Question 11.4: For every x ∈ [0, 1] and n ∈ N, define fn(x) to be the dista...
For every x ∈ [0, 1] and n ∈ \mathbb{N}, define f_{n}(x) to be the distance between x and the nearest point in [0, 1] of the form 10^{−n}k, where k is an integer. If f (x) = \Sigma_{n=1}^{∞}{f_{n}(x)}, evaluate \int_{[0,1]}{f} dm.
Taking x ∈ [10^{−n}k, 10^{−n}(k +1)) with 0 ≤ k ≤ 10^{n}, we have
f_{n}(x) = \begin{cases} x − 10^{−n}k, & x ∈ I_{n}^{k} \\ 10^{−n}(k + 1) − x, &x ∈ J_{n}^{k} , \end{cases}
where
I_{n}^{k} = \left[\frac{k}{10^{n}}, \frac{2k + 1}{2 × 10^{n}}\right) , J_{n}^{k} = \left[\frac{2k + 1}{2 × 10^{n}}, \frac{k + 1}{10^{n}}\right).
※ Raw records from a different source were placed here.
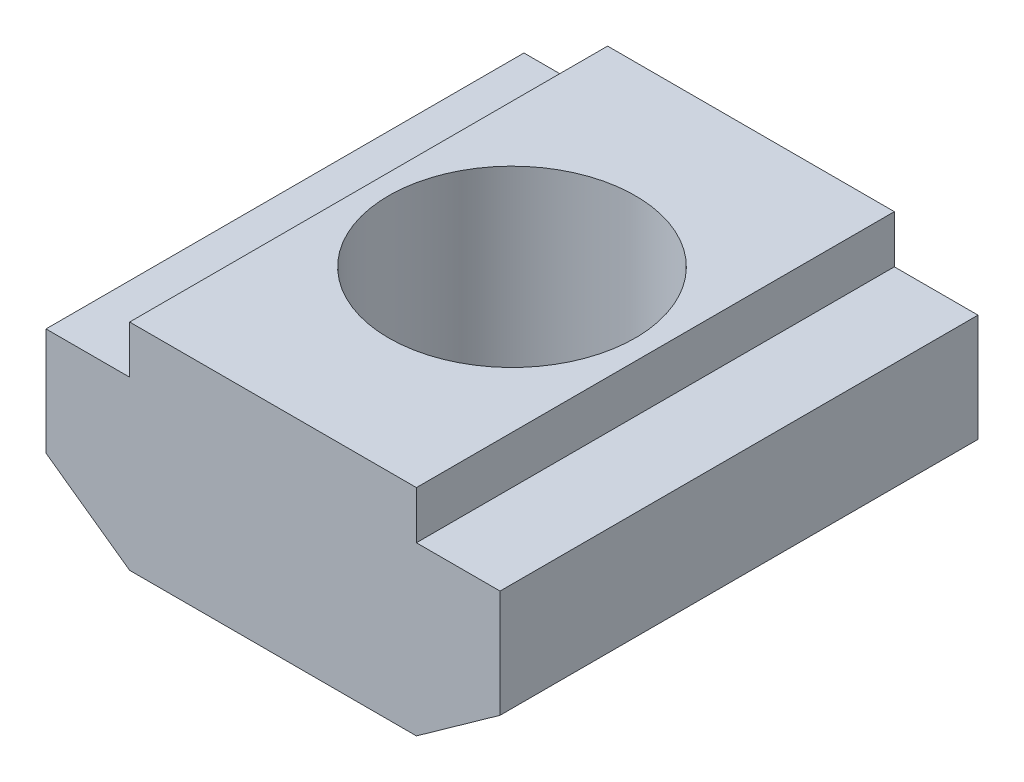
SolidWorks part; units mm, degrees
ref_plane "前视基准面" through (0, 0, 0) normal (0, 0, 1) x (1, 0, 0)
ref_plane "上视基准面" through (0, 0, 0) normal (0, 1, 0) x (1, 0, 0)
ref_plane "右视基准面" through (0, 0, 0) normal (1, 0, 0) x (0, 0, -1)
sketch "草图1" plane through (0, 0, 0) normal (0, 0, 1) x (1, 0, 0)
  line L0 (0, 19.2532) -> (0, -19.7565) construction
  line L1 (-3, 0) -> (3, 0)
  line L2 (3, 0) -> (3, -1)
  line L3 (3, -1) -> (4.75, -1)
  line L4 (4.75, -1) -> (4.75, -3.2517)
  line L5 (4.75, -3.2517) -> (3, -4.5)
  line L6 (3, -4.5) -> (-3, -4.5)
  line L7 (-4.75, -3.2517) -> (-3, -4.5)
  line L8 (-4.75, -1) -> (-4.75, -3.2517)
  line L9 (-3, -1) -> (-4.75, -1)
  line L10 (-3, 0) -> (-3, -1)
  dimension "D1" = 6
  dimension "D2" = 9.5
  dimension "D3" = 1
  dimension "D4" = 4.5
  dimension "D5" = 144.5
  dimension "D6" = 6
extrude "凸台-拉伸1" add sketch "草图1" along normal blind 10
sketch "草图2" plane through (0, 0, 0) normal (0, 1, 0) x (1, 0, 0)
  line L0 (0, 1.0228) -> (0, -10.3101) construction
  line L1 (-5.8897, -5) -> (5.8897, -5) construction
  line L2 (3, 0) -> (-3, 0) construction
  circle A0 centre (0, -5) radius 2.58
  dimension "D2" = 5.16
  dimension "D1" = 5
extrude "切除-拉伸1" cut sketch "草图2" against normal up to next
sketch "草图3" [suppressed] plane through (0, 0, 0) normal (0, 0, 1) x (1, 0, 0)
  line L0 (0, 26.8035) -> (0, -23.0283) construction
  line L1 (-2.7, 0) -> (2.7, 0)
  line L2 (3, -0.3) -> (3, -1)
  line L3 (3, -1) -> (4.43, -1)
  line L4 (4.75, -1.32) -> (4.75, -1.5825)
  line L5 (4.6822, -1.7976) -> (3.0896, -4.0721)
  line L6 (2.8438, -4.2) -> (-2.8438, -4.2)
  line L7 (-4.6822, -1.7976) -> (-3.0896, -4.0721)
  line L8 (-4.75, -1.32) -> (-4.75, -1.5825)
  line L9 (-3, -1) -> (-4.43, -1)
  line L10 (-3, -0.3) -> (-3, -1)
  arc A0 (4.75, -1.5825) -> (4.6822, -1.7976) centre (4.375, -1.5825) cw
  arc A1 (3.0896, -4.0721) -> (2.8438, -4.2) centre (2.8438, -3.9) cw
  arc A2 (4.43, -1) -> (4.75, -1.32) centre (4.43, -1.32) cw
  arc A3 (2.7, 0) -> (3, -0.3) centre (2.7, -0.3) cw
  arc A4 (-2.7, 0) -> (-3, -0.3) centre (-2.7, -0.3) ccw
  arc A5 (-4.43, -1) -> (-4.75, -1.32) centre (-4.43, -1.32) ccw
  arc A6 (-3.0896, -4.0721) -> (-2.8438, -4.2) centre (-2.8438, -3.9) ccw
  arc A7 (-4.75, -1.5825) -> (-4.6822, -1.7976) centre (-4.375, -1.5825) ccw
  point P14 (3, -4.2)
  point P19 (3, 0)
  point P33 (-3, 0)
  point P34 (-3, -4.2)
  dimension "D7" = 0.375
  dimension "D8" = 0.3
  dimension "D9" = 0.32
  dimension "D10" = 0.3
  dimension "D1" = 6
  dimension "D2" = 9.5
  dimension "D3" = 1
  dimension "D4" = 4.2
  dimension "D5" = 6
  dimension "D6" = 125
extrude "凸台-拉伸2" [suppressed] add sketch "草图3" along normal blind 9.5
sketch "草图4" [suppressed] plane through (0, 0, 0) normal (0, 1, 0) x (1, 0, 0)
  line L0 (0, 0) -> (0, -10.055) construction
  line L1 (-5.3369, -4.75) -> (5.4857, -4.75) construction
  line L2 (-3, 0) -> (-4.43, 0) construction
  circle A0 centre (0, -4.75) radius 1.72
  dimension "D2" = 5.16
  dimension "D1" = 4.75
extrude "切除-拉伸2" [suppressed] cut sketch "草图4" against normal up to next
cosmetic thread "装饰螺纹线2" [suppressed] parameters "D2"=6

Using the result of Example 11.1 and the linearity of the integral, we obtain
\int_{I_{n}^{k}}{f_{n}} dm =\int_{J_{n}^{k}}{f_{n}} dm = \frac{1}{8 × 10^{2n}}
⇒ \int_{[0,1]}{f_{n}} dm = \sum\limits_{k=0}^{10^{n}−1}{\int_{I_{n}^{k}∪J_{n}^{k}}{f_{n}} dm = \frac{1}{4 × 10^{n}}} .
Since f_{n} ≥ 0, Corollary 11.3.1 gives
\int_{[0,1]}{f} dm = \sum\limits_{n=1}^{∞}{\frac{1}{4 × 10^{n}}}= \frac{1}{36}.